When a picture appears among the records, leave it out, and copy all else exactly.

══ Listed records ══

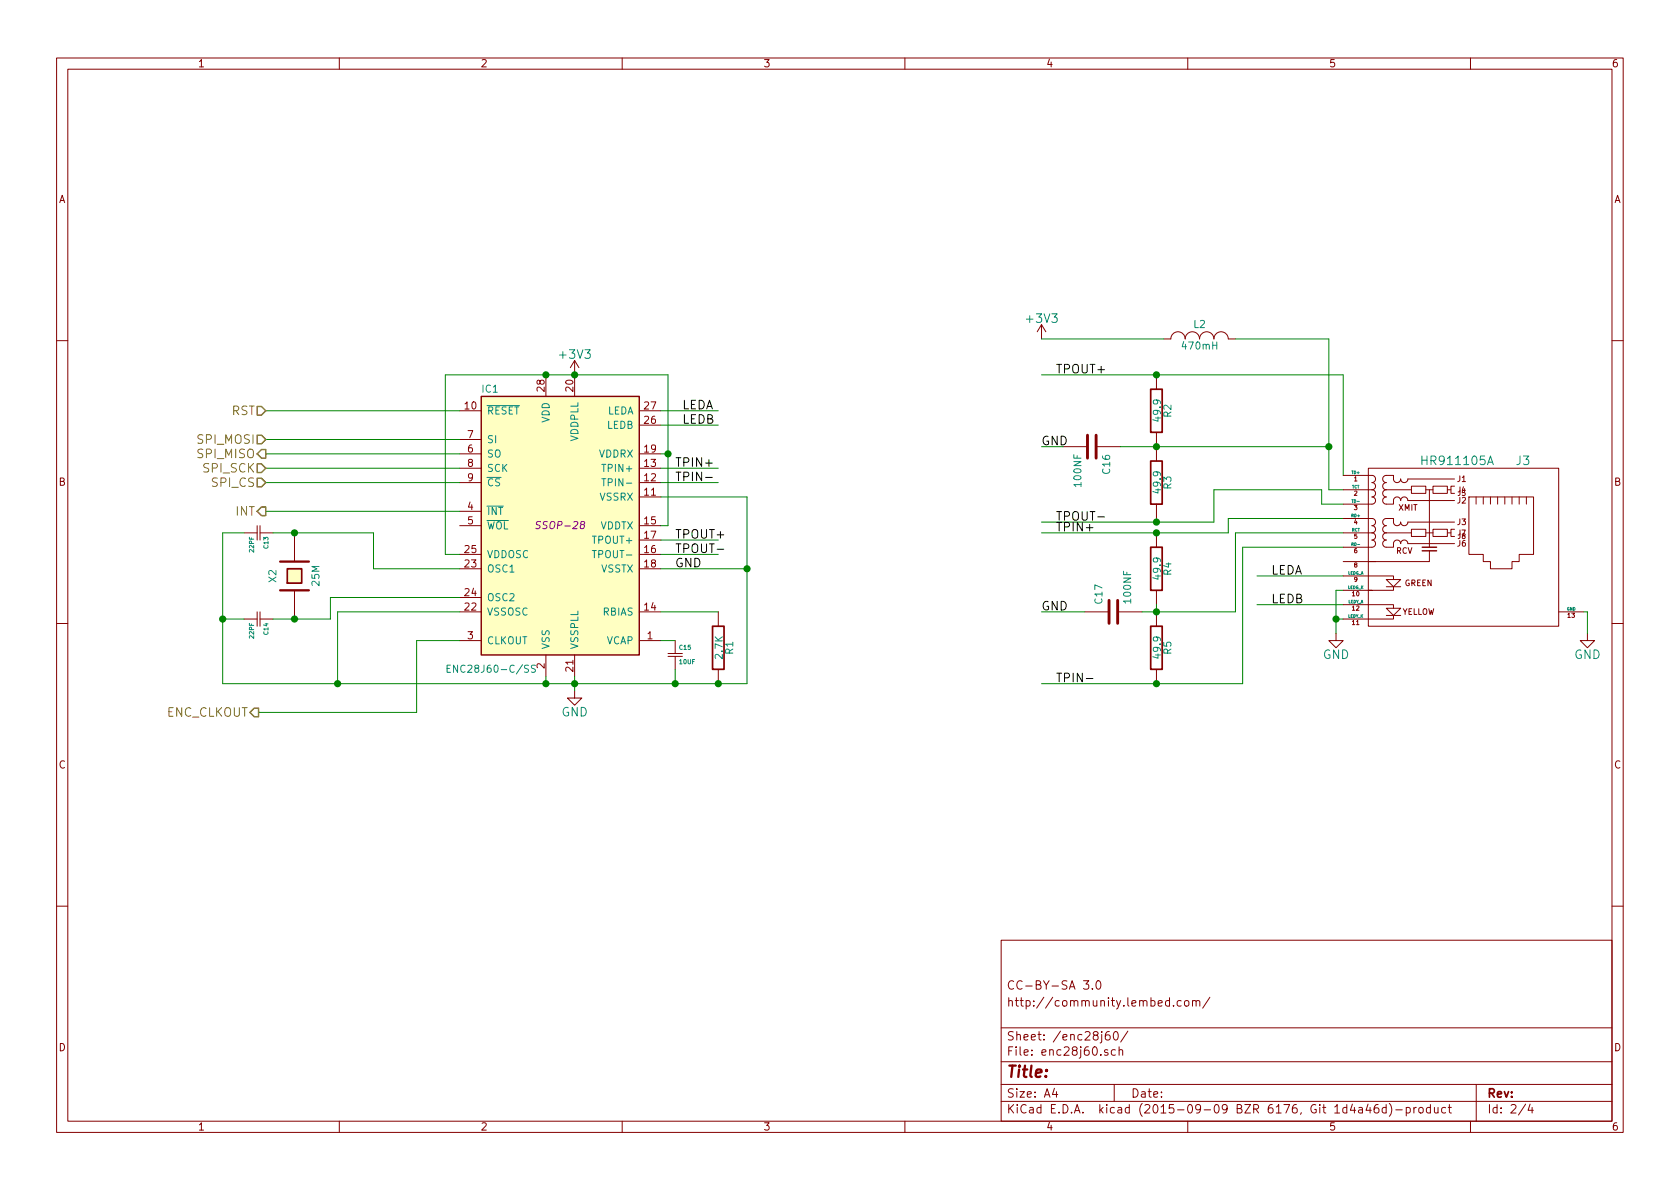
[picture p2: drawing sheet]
<svg xmlns="http://www.w3.org/2000/svg" width="297mm" height="210mm" viewBox="0 0 297 210" stroke-linecap="round" stroke-linejoin="round" font-family="sans-serif">
<g fill="none" stroke="#840000" stroke-width=".18">
<path d="M10 10.3h277v189.9h-277zM12 12.2h273v186.1h-273zM60 10.3v1.9M110 10.3v1.9M160 10.3v1.9M210 10.3v1.9M260 10.3v1.9M184.1 57.4l-.7 1.3M184.1 57.4v2.5M184.1 57.4l.8 1.3M205.7 59.9h1.3a1.27 1.27 0 0 1 1.3-1.2 1.27 1.27 0 0 1 1.2 1.2 1.27 1.27 0 0 1 1.3-1.2 1.27 1.27 0 0 1 1.3 1.2 1.27 1.27 0 0 1 1.3-1.2 1.27 1.27 0 0 1 1.2 1.2 1.27 1.27 0 0 1 1.3-1.2 1.27 1.27 0 0 1 1.3 1.2h1.2M10 60.2h2"/>
<path d="M81.3 77.7h3.8M81.3 72.6h3.8M96.5 66.3v3.8M101.6 63.7v6.4M101.6 63.7l-.8 1.3M101.6 63.7l.8 1.3M113 72.6h3.8M113 75.2h3.8M188 79h4.3M193.8 79h4.3M204.5 66.3v2.5M204.5 76.4v5.1"/>
<path d="M285 60.2h2M43.2 94.2h2.3M45.5 93v2.5M46 93v2.5M46 94.2h2.3M52.1 94.2v5.1M81.3 90.4h3.8M81.3 93h3.8M81.3 80.3h3.8M81.3 82.8h3.8M81.3 85.3h3.8M81.3 98h3.8"/>
<path d="M113 93h3.8M113 80.3h3.8M113 82.8h3.8M113 85.3h3.8M113 87.9h3.8M113 98h3.8M113 95.5h3.8M204.5 89.1v2.6M204.5 94.2v2.6M237.5 91.7h5.1a.63 .63 0 0 1 .6 .6 .63 .63 0 0 1-.6 .7 .63 .63 0 0 1 .6 .6 .63 .63 0 0 1-.6 .6M237.5 84.1h5.1a.63 .63 0 0 1 .6 .6 .63 .63 0 0 1-.6 .6 .63 .63 0 0 1 .6 .7 .63 .63 0 0 1-.6 .6M237.5 94.2h5.1"/>
<path d="M237.5 86.6h5.1M237.5 99.3h4.4M241.9 82.8h33.7v27.9h-33.7zM242.6 94.2a.63 .63 0 0 1 .6 .7 .63 .63 0 0 1-.6 .6 .63 .63 0 0 1 .6 .6 .63 .63 0 0 1-.6 .7h-5.1M242.6 86.6a.63 .63 0 0 1 .6 .6 .63 .63 0 0 1-.6 .7 .63 .63 0 0 1 .6 .6 .63 .63 0 0 1-.6 .6h-5.1M245.1 94.2a.63 .63 0 0 0-.6 .7 .63 .63 0 0 0 .6 .6 .63 .63 0 0 0-.6 .6 .63 .63 0 0 0 .6 .7h1.3v-.7a.63 .63 0 0 1 .6-.6 .63 .63 0 0 1 .6 .6 .63 .63 0 0 1 .7-.6 .63 .63 0 0 1 .6 .6h8.3M245.1 86.6a.63 .63 0 0 0-.6 .6 .63 .63 0 0 0 .6 .7 .63 .63 0 0 0-.6 .6 .63 .63 0 0 0 .6 .6h1.3v-.6a.63 .63 0 0 1 .6-.6 .63 .63 0 0 1 .6 .6 .63 .63 0 0 1 .7-.6 .63 .63 0 0 1 .6 .6h8.3M245.1 94.2h4.5M245.1 86.6h4.5M249.6 93.6h2.5v1.3h-2.5zM249.6 86h2.5v1.2h-2.5zM252.1 94.2h1.3"/>
<path d="M252.1 86.6h1.3M252.7 86.6v10.2M252.7 97.4v1.9h-10.8h1.3M253.4 93.6h2.5v1.3h-2.5zM253.4 86h2.5v1.2h-2.5zM255.9 94.2h.6M255.9 86.6h.6M257.2 93.6h-.7v1.3h.7M257.2 86h-.7v1.2h.7M257.2 92.3h-8.3a.63 .63 0 0 1-.6 .7 .63 .63 0 0 1-.7-.7 .63 .63 0 0 1-.6 .7 .63 .63 0 0 1-.6-.7v-.6h-1.3a.63 .63 0 0 0-.6 .6 .63 .63 0 0 0 .6 .7 .63 .63 0 0 0-.6 .6 .63 .63 0 0 0 .6 .6M257.2 84.7h-8.3a.63 .63 0 0 1-.6 .6 .63 .63 0 0 1-.7-.6 .63 .63 0 0 1-.6 .6 .63 .63 0 0 1-.6-.6v-.6h-1.3a.63 .63 0 0 0-.6 .6 .63 .63 0 0 0 .6 .6 .63 .63 0 0 0-.6 .7 .63 .63 0 0 0 .6 .6M259.7 87.9h11.4v10.1h-2.5v1.3h-1.3v1.3h-3.8v-1.3h-1.2v-1.3h-2.6z"/>
<path d="M261 87.9v1.2M262.3 87.9v1.2M263.5 87.9v1.2M264.8 87.9v1.2M266.1 87.9v1.2M267.3 87.9v1.2M268.6 87.9v1.2M269.9 87.9v1.2M10 110.3h2M43.2 109.5h2.3M45.5 108.2v2.5M46 108.2v2.5"/>
<path d="M46 109.5h2.3M52.1 104.4v5.1M81.3 113.3h3.8M81.3 108.2h3.8M81.3 100.6h3.8M81.3 105.7h3.8M96.5 115.8v3.8M101.6 115.8v3.8M113 113.3h3.8M113 108.2h3.8M113 100.6h3.8M118.1 116.1h2.5"/>
<path d="M118.1 115.6h2.5M119.4 113.3v2.3M119.4 116.1v2.3M127 108.2v2.5M127 118.4v2.5M191.8 108.2h4.3M197.6 108.2h4.3M204.5 104.4v2.5M204.5 108.2v2.5M204.5 118.4v2.5M236.2 112v1.3h1.3l-1.3 1.2-1.3-1.2h1.3M237.5 106.9h8.9v.7"/>
<path d="M237.5 101.8h8.9v.7M237.5 104.4h4.4M245.1 108.8h2.5M245.1 103.8h2.5M245.1 102.5h2.5l-1.2 1.3zM245.1 107.6h2.5l-1.2 1.2zM246.4 108.8v.7h-8.9M246.4 103.8v.6h-4.5h.7M275.6 108.2h4.4M280.7 112v1.3h1.2l-1.2 1.2-1.3-1.2h1.3M285 110.3h2M101.6 122.2v1.2h1.3l-1.3 1.3-1.3-1.3h1.3"/>
<path d="M10 160.2h2M177 166.3h108v32h-108zM191.6 173.4h.9l-.5 .6 .4 .1v.7l-.2 .1-.6-.1M193.1 174.8v.1M193.9 173.6l.2-.2a.81 .81 0 0 1 .6 .6 .81 .81 0 0 1-.3 .8l-.1 .1a.79 .79 0 0 1-.4-1.3zM206.8 177l-.5-.1-.2 .3v.6l.2 .1 .5-.1M206.8 176.4v1.5M207.5 177.8v.1M208.8 177l-.4-.1-.3 .3 .1 .6 .2 .1 .4-.1M209.5 177.1l.2-.2 .4 .2 .1 .5-.1 .2-.4 .1-.2-.1zM210.8 177.1l.2-.2 .4 .1 .1 .9M210.8 176.9v1"/>
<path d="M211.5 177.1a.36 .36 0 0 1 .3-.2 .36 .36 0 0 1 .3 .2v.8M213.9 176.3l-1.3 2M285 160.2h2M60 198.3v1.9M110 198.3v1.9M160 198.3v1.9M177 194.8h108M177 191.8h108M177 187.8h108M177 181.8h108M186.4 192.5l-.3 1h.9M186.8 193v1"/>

═══

• _Answer to this task_:
[picture p2: drawing sheet]
<svg xmlns="http://www.w3.org/2000/svg" width="297mm" height="210mm" viewBox="0 0 297 210" stroke-linecap="round" stroke-linejoin="round" font-family="sans-serif">
<g fill="none" stroke="#840000" stroke-width=".18">
<path d="M10 10.3h277v189.9h-277zM12 12.2h273v186.1h-273zM60 10.3v1.9M110 10.3v1.9M160 10.3v1.9M210 10.3v1.9M260 10.3v1.9M184.1 57.4l-.7 1.3M184.1 57.4v2.5M184.1 57.4l.8 1.3M205.7 59.9h1.3a1.27 1.27 0 0 1 1.3-1.2 1.27 1.27 0 0 1 1.2 1.2 1.27 1.27 0 0 1 1.3-1.2 1.27 1.27 0 0 1 1.3 1.2 1.27 1.27 0 0 1 1.3-1.2 1.27 1.27 0 0 1 1.2 1.2 1.27 1.27 0 0 1 1.3-1.2 1.27 1.27 0 0 1 1.3 1.2h1.2M10 60.2h2"/>
<path d="M81.3 77.7h3.8M81.3 72.6h3.8M96.5 66.3v3.8M101.6 63.7v6.4M101.6 63.7l-.8 1.3M101.6 63.7l.8 1.3M113 72.6h3.8M113 75.2h3.8M188 79h4.3M193.8 79h4.3M204.5 66.3v2.5M204.5 76.4v5.1"/>
<path d="M285 60.2h2M43.2 94.2h2.3M45.5 93v2.5M46 93v2.5M46 94.2h2.3M52.1 94.2v5.1M81.3 90.4h3.8M81.3 93h3.8M81.3 80.3h3.8M81.3 82.8h3.8M81.3 85.3h3.8M81.3 98h3.8"/>
<path d="M113 93h3.8M113 80.3h3.8M113 82.8h3.8M113 85.3h3.8M113 87.9h3.8M113 98h3.8M113 95.5h3.8M204.5 89.1v2.6M204.5 94.2v2.6M237.5 91.7h5.1a.63 .63 0 0 1 .6 .6 .63 .63 0 0 1-.6 .7 .63 .63 0 0 1 .6 .6 .63 .63 0 0 1-.6 .6M237.5 84.1h5.1a.63 .63 0 0 1 .6 .6 .63 .63 0 0 1-.6 .6 .63 .63 0 0 1 .6 .7 .63 .63 0 0 1-.6 .6M237.5 94.2h5.1"/>
<path d="M237.5 86.6h5.1M237.5 99.3h4.4M241.9 82.8h33.7v27.9h-33.7zM242.6 94.2a.63 .63 0 0 1 .6 .7 .63 .63 0 0 1-.6 .6 .63 .63 0 0 1 .6 .6 .63 .63 0 0 1-.6 .7h-5.1M242.6 86.6a.63 .63 0 0 1 .6 .6 .63 .63 0 0 1-.6 .7 .63 .63 0 0 1 .6 .6 .63 .63 0 0 1-.6 .6h-5.1M245.1 94.2a.63 .63 0 0 0-.6 .7 .63 .63 0 0 0 .6 .6 .63 .63 0 0 0-.6 .6 .63 .63 0 0 0 .6 .7h1.3v-.7a.63 .63 0 0 1 .6-.6 .63 .63 0 0 1 .6 .6 .63 .63 0 0 1 .7-.6 .63 .63 0 0 1 .6 .6h8.3M245.1 86.6a.63 .63 0 0 0-.6 .6 .63 .63 0 0 0 .6 .7 .63 .63 0 0 0-.6 .6 .63 .63 0 0 0 .6 .6h1.3v-.6a.63 .63 0 0 1 .6-.6 .63 .63 0 0 1 .6 .6 .63 .63 0 0 1 .7-.6 .63 .63 0 0 1 .6 .6h8.3M245.1 94.2h4.5M245.1 86.6h4.5M249.6 93.6h2.5v1.3h-2.5zM249.6 86h2.5v1.2h-2.5zM252.1 94.2h1.3"/>
<path d="M252.1 86.6h1.3M252.7 86.6v10.2M252.7 97.4v1.9h-10.8h1.3M253.4 93.6h2.5v1.3h-2.5zM253.4 86h2.5v1.2h-2.5zM255.9 94.2h.6M255.9 86.6h.6M257.2 93.6h-.7v1.3h.7M257.2 86h-.7v1.2h.7M257.2 92.3h-8.3a.63 .63 0 0 1-.6 .7 .63 .63 0 0 1-.7-.7 .63 .63 0 0 1-.6 .7 .63 .63 0 0 1-.6-.7v-.6h-1.3a.63 .63 0 0 0-.6 .6 .63 .63 0 0 0 .6 .7 .63 .63 0 0 0-.6 .6 .63 .63 0 0 0 .6 .6M257.2 84.7h-8.3a.63 .63 0 0 1-.6 .6 .63 .63 0 0 1-.7-.6 .63 .63 0 0 1-.6 .6 .63 .63 0 0 1-.6-.6v-.6h-1.3a.63 .63 0 0 0-.6 .6 .63 .63 0 0 0 .6 .6 .63 .63 0 0 0-.6 .7 .63 .63 0 0 0 .6 .6M259.7 87.9h11.4v10.1h-2.5v1.3h-1.3v1.3h-3.8v-1.3h-1.2v-1.3h-2.6z"/>
<path d="M261 87.9v1.2M262.3 87.9v1.2M263.5 87.9v1.2M264.8 87.9v1.2M266.1 87.9v1.2M267.3 87.9v1.2M268.6 87.9v1.2M269.9 87.9v1.2M10 110.3h2M43.2 109.5h2.3M45.5 108.2v2.5M46 108.2v2.5"/>
<path d="M46 109.5h2.3M52.1 104.4v5.1M81.3 113.3h3.8M81.3 108.2h3.8M81.3 100.6h3.8M81.3 105.7h3.8M96.5 115.8v3.8M101.6 115.8v3.8M113 113.3h3.8M113 108.2h3.8M113 100.6h3.8M118.1 116.1h2.5"/>
<path d="M118.1 115.6h2.5M119.4 113.3v2.3M119.4 116.1v2.3M127 108.2v2.5M127 118.4v2.5M191.8 108.2h4.3M197.6 108.2h4.3M204.5 104.4v2.5M204.5 108.2v2.5M204.5 118.4v2.5M236.2 112v1.3h1.3l-1.3 1.2-1.3-1.2h1.3M237.5 106.9h8.9v.7"/>
<path d="M237.5 101.8h8.9v.7M237.5 104.4h4.4M245.1 108.8h2.5M245.1 103.8h2.5M245.1 102.5h2.5l-1.2 1.3zM245.1 107.6h2.5l-1.2 1.2zM246.4 108.8v.7h-8.9M246.4 103.8v.6h-4.5h.7M275.6 108.2h4.4M280.7 112v1.3h1.2l-1.2 1.2-1.3-1.2h1.3M285 110.3h2M101.6 122.2v1.2h1.3l-1.3 1.3-1.3-1.3h1.3"/>
<path d="M10 160.2h2M177 166.3h108v32h-108zM191.6 173.4h.9l-.5 .6 .4 .1v.7l-.2 .1-.6-.1M193.1 174.8v.1M193.9 173.6l.2-.2a.81 .81 0 0 1 .6 .6 .81 .81 0 0 1-.3 .8l-.1 .1a.79 .79 0 0 1-.4-1.3zM206.8 177l-.5-.1-.2 .3v.6l.2 .1 .5-.1M206.8 176.4v1.5M207.5 177.8v.1M208.8 177l-.4-.1-.3 .3 .1 .6 .2 .1 .4-.1M209.5 177.1l.2-.2 .4 .2 .1 .5-.1 .2-.4 .1-.2-.1zM210.8 177.1l.2-.2 .4 .1 .1 .9M210.8 176.9v1"/>
<path d="M211.5 177.1a.36 .36 0 0 1 .3-.2 .36 .36 0 0 1 .3 .2v.8M213.9 176.3l-1.3 2M285 160.2h2M60 198.3v1.9M110 198.3v1.9M160 198.3v1.9M177 194.8h108M177 191.8h108M177 187.8h108M177 181.8h108M186.4 192.5l-.3 1h.9M186.8 193v1"/>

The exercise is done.